AC/DC? We're not referring to the classic rock band; we're taking a look at electric motors. In today's Greenlings post, we'll delve into the ins and outs of the powerplants that we hope will soon be transporting millions of people around the world to and fro. That said, there are lots of choices when it comes to selecting the proper motor for any given application, and the merits of each has been debated since before any of us were born.
Way back in the late 1880s, Nikola Tesla dared to challenge powerhouse American inventor Thomas Edison by suggesting Alternating Current (AC) was a more desirable method to transfer electricity from one place to another than Direct Current (DC). So, which genius inventor was right? Suffice it to say that just about everything with a plug these days relies on AC current for power. But that was a long time ago, what's changed since then? Which is better for today's – and tomorrow's – electric cars?
Interestingly, while a lot has changed as far as AC and DC technology goes, the debate still rages on over which is better for specific applications, including automobiles. One of the main advantages that AC power holds over DC is its ability to easily change voltages with a transformer. This is an important distinction and one that holds true to this day. Why does it matter?
Here's the simple version: The total amount of power from an electrical system can be calculated by multiplying the voltage by the current. Therefore, the higher the voltage, the less current is required for a given amount of power. Without getting into the science of it all too much, high-voltage AC systems are generally more efficient than lower-voltage DC systems and the gap gets bigger as the transmission distance increases.
So, that's it, right? Since AC is the clear winner in terms of efficiency, it's the way to go? Not so fast. Even though the power coming from the wall through an electric car's plug is Alternating Current, the car's batteries (or ultracapacitors or solar cells or hydrogen fuel cells) give off Direct Current. This means that more expensive electronic doohickery is needed to convert the DC power to AC power, and, since there are not a few hundred miles of wiring to travel, the efficiency benefits of the high-voltage low-current nature of AC is somewhat mitigated.
Today, there are multiple kinds of DC motor technologies on the market, including series wound motors, Permanent Magnet motors and Brushless motors. Each type of DC motor has its advantages. Naturally, the more efficient and powerful the motor, the more it probably costs. Even relatively inexpensive series wound DC motors, though, are well-known for producing a ton of torque right off the bat, and they are also readily available on the open market to anyone looking to create their own electric car conversion.
Permanent Magnet DC motors make lots of power and are often used in low-cost electric car conversions, but they also use components (brushes and commutators) that naturally wear out over time and will eventually need to be replaced. Brushless DC motors do away with many of these wear items and generally run very cool, which means they can last for a very long time. Downsides to Brushless DC motors include higher initial costs and the extra electronics required to make them function.
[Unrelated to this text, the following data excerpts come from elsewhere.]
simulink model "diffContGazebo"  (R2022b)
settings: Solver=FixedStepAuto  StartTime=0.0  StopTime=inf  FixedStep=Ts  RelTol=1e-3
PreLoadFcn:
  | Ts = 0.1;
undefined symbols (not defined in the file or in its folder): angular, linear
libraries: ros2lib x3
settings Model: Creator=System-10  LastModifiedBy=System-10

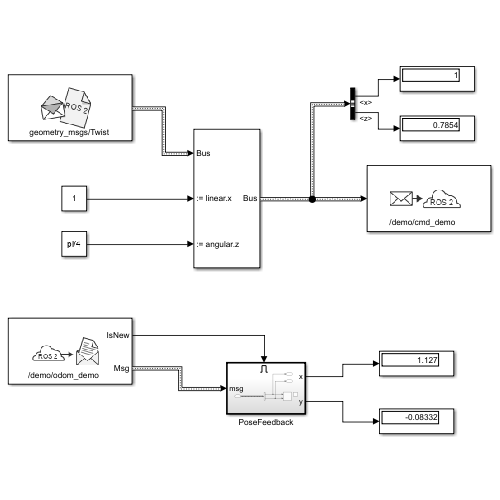
[thumbnail: Simulink's stored preview of the top-level diagram]
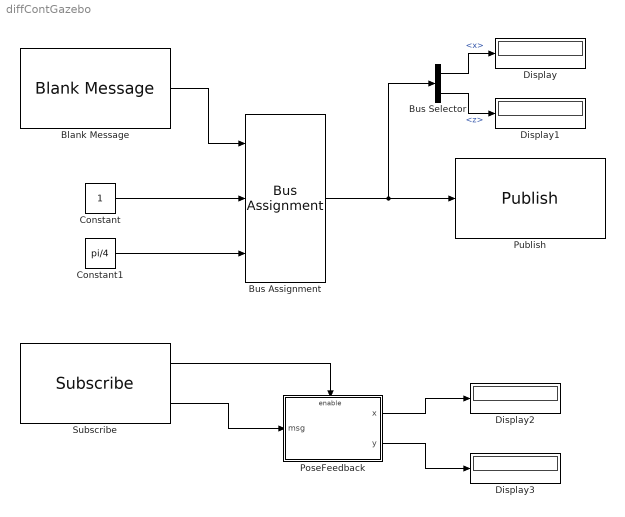
== system diffContGazebo ==
  Blank Message : ros2lib/Blank Message  messageClass=Message  entityType=geometry_msgs/Twist  messageType=geometry_msgs/Twist  SampleTime=Ts
      settings: LibrarySourceBlock=roslib/ROS 2/Blank Message
  Bus Assignment : BusAssignment  AssignedSignals=linear.x,angular.z
  Bus Selector : BusSelector  OutputSignals=linear.x,angular.z
  Constant : Constant  VectorParams1D=off  SampleTime=Ts
  Constant1 : Constant  Value=pi/4  SampleTime=Ts
  Display{,1..3} (4 alike) : Display
  PoseFeedback : Subsystem
  Publish : ros2lib/Publish  topicSource=Specify your own  topic=/demo/cmd_demo  messageType=geometry_msgs/Twist  QOSHistory=Keep last  QOSDepth=1  QOSReliability=Reliable  QOSDurability=Volatile
      settings: LibrarySourceBlock=roslib/ROS 2/Publish
  Subscribe : ros2lib/Subscribe  topicSource=Specify your own  topic=/demo/odom_demo  messageType=nav_msgs/Odometry  sampleTime=Ts  QOSHistory=Keep last  QOSDepth=1  QOSReliability=Reliable  QOSDurability=Volatile
      settings: LibrarySourceBlock=roslib/ROS 2/Subscribe
  wires:
  Blank Message/1 -> Bus Assignment/1
  Bus Assignment/1 -> Publish/1, Bus Selector/1
  Constant/1 -> Bus Assignment/2
  Constant1/1 -> Bus Assignment/3
  Bus Selector/1 -> Display/1  "<x>"
  Bus Selector/2 -> Display1/1  "<z>"
  Subscribe/2 -> PoseFeedback/1(msg)
  Subscribe/1 -> PoseFeedback/Enable
  PoseFeedback/1(x) -> Display2/1
  PoseFeedback/2(y) -> Display3/1

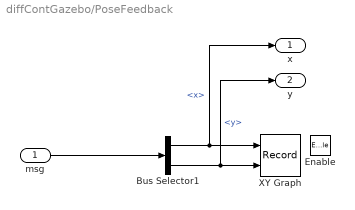
== system diffContGazebo/PoseFeedback ==
  msg : Inport
  Enable : EnablePort
  Bus Selector1 : BusSelector  OutputSignals=pose.pose.position.x,pose.pose.position.y
  XY Graph : Record  FileSettingsInternal="{\"entries\":[{\"content\":{\"excelSettings\":{\"content\":{},\"type\":\"Streamout.ExcelSettings\"}},\"type\":\"Streamout.FileSettingStorage\",\"uuid\":\"8e07aba7-d6b7-4f3d-95c1-9b04d42fe51c\"}],\"packageUris\":[\"http://schema.mathworks.com/mf0/streamout_blocks/R2020a\"],\"version\":\"1.0\"}"  Layout=[1 1]  SignalsInternal="{\"entries\":[{\"content\":{\"signals\":[{\"content\":{\"blockPath\":[\"diffContGazebo/PoseFeedback/XY Graph\"],\"channel\":[],\"dimensions\":[1],\"domain\":\"diffContGazebo/PoseFeedback/XY Graph\",\"lineColor\":\"#a2142f\",\"plots\":[1],\"port\":1,\"sid\":[\"\"],\"signalID\":375,\"signalName\":\"<x>\"},\"type\":\"RecordBlkView.Signal\",\"uuid\":\"0e74358a-b4c8-426c-9d2c-fa4a2ca85053\"},{\"content\":{\"blockPath\":[\"diffContGazebo/PoseFeedback/XY Graph\"],\"channel\":[],\"dimensions\":[1],\"domain\":\"diffContGazebo/PoseFeedback/XY Graph\",\"lineColor\":\"#139fff\",\"plots\":[1],\"port\":2,\"sid\":[\"\"],\"signalID\":379,\"signalName\":\"<y>\"},\"type\":\"RecordBlkView.Signal\",\"uuid\":\"df9b493f-ba8b-471d-9638-13e81596006c\"}]},\"type\":\"RecordBlkView.InputSignals\",\"uuid\":\"08bcb471-31d0-4c59-b5b4-fffedc929894\"}],\"packageUris\":[\"http://schema.mathworks.com/mf0/streamout_blocks/R2020a\"],\"version\":\"1.0\"}"  VisualizationBindings="{\"xyplotplugin\":{\"info\":[{\"series\":[{\"bindingParametersList\":[{\"parameter\":\"X-Axis\",\"signalID\":375,\"signalName\":\"<x>\"},{\"parameter\":\"Y-Axis\",\"signalID\":379,\"signalName\":\"<y>\"}],\"seriesID\":3202}],\"subplotID\":1}]}}"  CompatibilityTag=XY
  x : Outport
  y : Outport  Port=2
  wires:
  msg/1 -> Bus Selector1/1
  Bus Selector1/1 -> XY Graph/1, x/1  "<x>"
  Bus Selector1/2 -> XY Graph/2, y/1  "<y>"

So, what's currently (no pun intended) being used in mainstream eco-friendly cars and trucks? Modern hybrids generally rely on Brushless DC motors for motive power while the now-discontinued EV1 from GM, the current Tesla Roadster and the upcoming Chevy Volt all use AC drives.
Can you tell where all of this is going? After all these years, there's still no simple answer to the AC versus DC argument for electric cars. Which technology is best really depends on the application after considering variables like price, desired power and desired range. No matter what kind of electric motor is used, one thing remains constant: a noticeable lack of emissions exiting the vehicle's tail pipe.